By Jeff White (jwhite@virginia.edu)

CHARLOTTESVILLE — Starting today, visitors to John Paul Jones Arena can admire a piece of art that the University hopes will inspire those who represent UVa in athletic competition, as well as reflect their fighting spirit.

An 8-by-10½-foot painting, titled “The Battle of Flamborough Head,” now hangs in the arena’s main concourse, adjacent to the main lobby, above the donor wall outside section 309.

The oil-on-canvas painting, by Dean Mosher, depicts a battle fought during the Revolutionary War on Sept. 23, 1779, off the coast of Yorkshire, England. During this fight, John Paul Jones, captain of the Bonhomme Richard, was said to have defiantly offered this memorable response to an English captain who asked if Jones planned to surrender:

“I have not yet begun to fight!”

That famous quotation already is inscribed on a wall at the arena’s eastern end. Now UVa has added another link to the man considered to be the father of the American navy.

It can be confusing for those not well-versed in the arena’s history, but John Paul Jones the naval hero is no relation to the arena’s namesake. That man is John Paul “Jack” Jones, a 1948 graduate of UVa’s School of Law, whose son, Paul Tudor Jones, donated more than $35 million to help build the arena.

Paul Tudor Jones, a 1976 graduate of UVa, purchased the painting from Mosher and donated it to his alma mater. UVa’s colors, blue and orange, dominate the painting, as chance would have it.

The Joneses were among the guests Friday night at a private gathering during which the painting was unveiled. Others included UVa President Teresa Sullivan, players and coaches from UVa’s basketball teams, football coach Mike London, Mosher’s wife and children, and Dr. James C. Bradford and Peter Reaveley, two of the naval scholars with whom Mosher worked to ensure his painting was as historically accurate as possible.

To the group, Mosher spoke about the battle and its significance and described the methods he used to painstakingly create the painting in his studio in Fairhope, Ala.

In an interview Thursday evening at the arena, Mosher talked about the painting he finished on April 12, 1997, about 17 months after he began.

“It really has been an interesting road, and this is certainly a high point for me,” Mosher said. “I’m honored to be here.

“I’m hoping this will be a piece of inspiration. If you really believe in what you’re fighting for, look what our great American heroes went through.”
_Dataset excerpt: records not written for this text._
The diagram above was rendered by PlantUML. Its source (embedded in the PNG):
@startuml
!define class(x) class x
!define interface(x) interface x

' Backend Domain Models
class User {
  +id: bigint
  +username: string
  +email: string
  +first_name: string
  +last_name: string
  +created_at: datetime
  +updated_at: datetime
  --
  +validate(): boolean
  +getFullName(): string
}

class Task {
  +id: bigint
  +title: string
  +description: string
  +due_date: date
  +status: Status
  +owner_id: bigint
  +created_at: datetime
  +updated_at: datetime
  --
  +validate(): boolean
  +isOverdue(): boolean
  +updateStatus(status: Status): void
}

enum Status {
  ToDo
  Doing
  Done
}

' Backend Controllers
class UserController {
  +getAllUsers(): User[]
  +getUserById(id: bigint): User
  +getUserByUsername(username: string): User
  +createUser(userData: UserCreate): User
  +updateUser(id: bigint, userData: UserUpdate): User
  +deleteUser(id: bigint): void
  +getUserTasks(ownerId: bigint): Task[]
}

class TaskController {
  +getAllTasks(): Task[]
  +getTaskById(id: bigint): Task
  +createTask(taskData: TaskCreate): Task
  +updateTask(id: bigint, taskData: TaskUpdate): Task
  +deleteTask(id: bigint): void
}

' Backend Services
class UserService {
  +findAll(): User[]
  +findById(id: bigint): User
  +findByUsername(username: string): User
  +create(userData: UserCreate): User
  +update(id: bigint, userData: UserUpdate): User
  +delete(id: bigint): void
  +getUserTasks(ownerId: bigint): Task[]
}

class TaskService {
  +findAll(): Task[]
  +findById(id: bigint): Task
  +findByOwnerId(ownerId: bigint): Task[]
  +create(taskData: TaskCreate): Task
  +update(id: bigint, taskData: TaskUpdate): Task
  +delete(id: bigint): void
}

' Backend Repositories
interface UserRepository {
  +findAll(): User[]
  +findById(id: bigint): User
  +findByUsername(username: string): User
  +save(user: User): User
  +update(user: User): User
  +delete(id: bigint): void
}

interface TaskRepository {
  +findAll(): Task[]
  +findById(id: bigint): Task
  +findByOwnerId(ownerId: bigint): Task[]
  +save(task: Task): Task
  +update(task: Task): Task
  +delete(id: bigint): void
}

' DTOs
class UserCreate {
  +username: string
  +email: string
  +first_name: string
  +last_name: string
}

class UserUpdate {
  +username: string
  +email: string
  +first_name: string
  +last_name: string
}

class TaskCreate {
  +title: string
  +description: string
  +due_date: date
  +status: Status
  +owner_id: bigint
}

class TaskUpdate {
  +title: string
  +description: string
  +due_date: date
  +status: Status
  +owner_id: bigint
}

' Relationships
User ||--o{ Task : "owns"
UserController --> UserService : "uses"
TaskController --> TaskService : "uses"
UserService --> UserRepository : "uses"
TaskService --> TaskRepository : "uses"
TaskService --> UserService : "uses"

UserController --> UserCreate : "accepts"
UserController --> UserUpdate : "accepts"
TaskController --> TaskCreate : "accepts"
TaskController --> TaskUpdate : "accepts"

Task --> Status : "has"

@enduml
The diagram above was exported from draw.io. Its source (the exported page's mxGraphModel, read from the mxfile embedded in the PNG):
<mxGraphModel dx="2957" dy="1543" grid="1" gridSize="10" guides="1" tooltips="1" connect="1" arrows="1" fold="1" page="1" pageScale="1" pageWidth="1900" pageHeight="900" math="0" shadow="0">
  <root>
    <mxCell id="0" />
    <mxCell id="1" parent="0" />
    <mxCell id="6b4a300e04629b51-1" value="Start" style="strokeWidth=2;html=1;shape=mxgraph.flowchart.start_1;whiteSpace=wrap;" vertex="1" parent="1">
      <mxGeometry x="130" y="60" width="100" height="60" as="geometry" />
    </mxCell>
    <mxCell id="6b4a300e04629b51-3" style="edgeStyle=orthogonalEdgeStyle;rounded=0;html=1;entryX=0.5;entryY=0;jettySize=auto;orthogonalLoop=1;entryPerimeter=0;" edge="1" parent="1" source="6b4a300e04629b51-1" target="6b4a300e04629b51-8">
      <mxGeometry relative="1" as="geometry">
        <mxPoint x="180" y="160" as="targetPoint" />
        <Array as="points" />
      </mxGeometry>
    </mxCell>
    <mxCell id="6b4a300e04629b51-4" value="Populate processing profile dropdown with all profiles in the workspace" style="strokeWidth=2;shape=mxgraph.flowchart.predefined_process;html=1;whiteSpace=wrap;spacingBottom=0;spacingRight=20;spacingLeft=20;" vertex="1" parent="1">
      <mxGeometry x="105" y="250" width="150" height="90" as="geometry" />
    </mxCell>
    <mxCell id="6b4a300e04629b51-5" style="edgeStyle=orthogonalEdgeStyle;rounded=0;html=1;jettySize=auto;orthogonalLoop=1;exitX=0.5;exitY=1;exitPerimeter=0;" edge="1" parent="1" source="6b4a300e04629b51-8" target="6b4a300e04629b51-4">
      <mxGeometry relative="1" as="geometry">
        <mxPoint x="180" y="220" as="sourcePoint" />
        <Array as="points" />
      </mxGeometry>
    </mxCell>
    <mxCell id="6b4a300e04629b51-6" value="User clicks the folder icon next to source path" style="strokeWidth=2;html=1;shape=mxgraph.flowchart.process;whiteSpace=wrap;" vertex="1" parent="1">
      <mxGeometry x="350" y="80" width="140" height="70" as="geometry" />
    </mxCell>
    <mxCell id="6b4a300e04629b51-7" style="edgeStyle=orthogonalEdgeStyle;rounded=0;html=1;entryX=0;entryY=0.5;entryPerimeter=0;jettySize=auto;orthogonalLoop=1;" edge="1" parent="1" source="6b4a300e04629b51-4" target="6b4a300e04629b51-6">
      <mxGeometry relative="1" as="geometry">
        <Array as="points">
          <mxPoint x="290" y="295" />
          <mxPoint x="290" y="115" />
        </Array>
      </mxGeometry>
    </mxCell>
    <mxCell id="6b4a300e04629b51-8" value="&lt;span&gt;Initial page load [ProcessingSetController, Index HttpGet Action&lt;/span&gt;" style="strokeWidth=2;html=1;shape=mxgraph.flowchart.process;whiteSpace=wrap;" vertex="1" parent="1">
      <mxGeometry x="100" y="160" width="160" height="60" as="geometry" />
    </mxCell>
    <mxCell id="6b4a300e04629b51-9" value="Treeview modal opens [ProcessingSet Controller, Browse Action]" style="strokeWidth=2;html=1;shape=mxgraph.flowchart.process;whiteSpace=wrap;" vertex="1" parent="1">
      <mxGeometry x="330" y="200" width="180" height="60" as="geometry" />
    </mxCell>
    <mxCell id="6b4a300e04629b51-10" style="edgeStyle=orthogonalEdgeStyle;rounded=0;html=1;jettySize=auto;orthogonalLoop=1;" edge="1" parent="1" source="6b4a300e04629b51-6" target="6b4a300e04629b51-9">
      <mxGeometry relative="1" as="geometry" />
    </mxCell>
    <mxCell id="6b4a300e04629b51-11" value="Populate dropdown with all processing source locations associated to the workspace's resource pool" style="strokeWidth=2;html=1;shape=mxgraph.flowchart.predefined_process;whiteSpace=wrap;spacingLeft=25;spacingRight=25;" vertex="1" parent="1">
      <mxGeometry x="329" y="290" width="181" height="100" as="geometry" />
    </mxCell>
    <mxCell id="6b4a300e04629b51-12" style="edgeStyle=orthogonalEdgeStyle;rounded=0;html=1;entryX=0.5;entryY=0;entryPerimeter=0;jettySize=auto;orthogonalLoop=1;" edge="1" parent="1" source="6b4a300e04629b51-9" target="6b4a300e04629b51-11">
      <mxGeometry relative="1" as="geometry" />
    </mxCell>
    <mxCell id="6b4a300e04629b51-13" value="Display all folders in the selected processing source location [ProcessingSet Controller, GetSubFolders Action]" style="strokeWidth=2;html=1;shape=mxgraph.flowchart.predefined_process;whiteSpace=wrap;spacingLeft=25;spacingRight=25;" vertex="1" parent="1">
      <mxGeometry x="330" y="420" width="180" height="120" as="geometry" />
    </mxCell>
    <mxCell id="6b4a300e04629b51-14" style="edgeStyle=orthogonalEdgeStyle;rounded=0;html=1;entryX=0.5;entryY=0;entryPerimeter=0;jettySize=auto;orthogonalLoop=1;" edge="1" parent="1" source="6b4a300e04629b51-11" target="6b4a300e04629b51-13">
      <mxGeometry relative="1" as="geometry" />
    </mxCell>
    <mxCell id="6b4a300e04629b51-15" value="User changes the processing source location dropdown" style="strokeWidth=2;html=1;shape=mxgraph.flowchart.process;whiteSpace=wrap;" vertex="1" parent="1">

A interactive kiosk near the painting provides information on the battle and its historical impact, on John Paul Jones, who is buried at the U.S. Naval Academy in Annapolis, Md., and on Mosher and the extraordinary steps he took to get the details correct.

“None of us can go back exactly in history,” he said, “but I’ve tried to come as close as I possibly can to going back to every single solitary detail.”

Mosher grew up on Mobile Bay, Ala., and his other historical paintings include “The Battle of Mobile Bay.” That took place in August 1864 and was the last major naval battle of the Civil War.

The hero of the battle was a Union admiral, David Farragut, to whom is attributed a quotation as famous as John Paul Jones’ — “Damn the torpedoes, full speed ahead!”

Another Mosher painting — a portrait of John Paul Jones titled “I Have Not Yet Begun to Fight!” — hangs at the U.S. Naval Academy.

Paul Tudor Jones learned of the “The Battle of Flamborough Head” painting from UVa alumni Nance Fleming and Jim Wilmoth, who run Patina Gallery in Fairhope. Jones asked Jon Oliver, UVa’s executive associate director of athletics, to visit Fairhope and look at the painting.

Oliver arrived planning to spend 30 minutes with Mosher. Three hours later, Oliver was still with the artist, whose passion for his work is palpable. When he left Mosher’s home, Oliver called Paul Tudor Jones and said he thought the painting might enhance John Paul Jones Arena.

“After getting an entire education about the painting and the battle, it really impressed me in terms of the things that Admiral Jones had to go through to win that battle,” Oliver said, “and I saw a true alliance with what we’re trying to do on a daily basis in terms of our basketball teams, and all of our sports.

“You take on a challenge and you face adversity and you’ve got to find a way to overcome that adversity to be successful. When you think about that battle, there’s no greater challenge than what he went through, and it kind of ties back to what we’re trying to do.

“The association between the two names is the first tie, but ‘I have not yet begun to fight’ is a great thing that we should be living by every day when we take on people and play them.”

Among the busts at Monticello is one of Thomas Jefferson’s friend John Paul Jones. And now, at the university that Mr. Jefferson founded, a painting of Jones is prominently displayed. That it hangs in an arena strikes Mosher as fitting.

“I think this is the perfect home for it,” he said.

“Whenever you want to inspire, whenever you want people to understand the sacrifice it takes to fight for what you believe in, to win, it’s an absolutely logical progression to carry that into a sports metaphor. But it can also be an academic metaphor.

“It just [applies to] anybody who wants to work hard and understands you’re going to get knocked down before you get back up again sometimes.”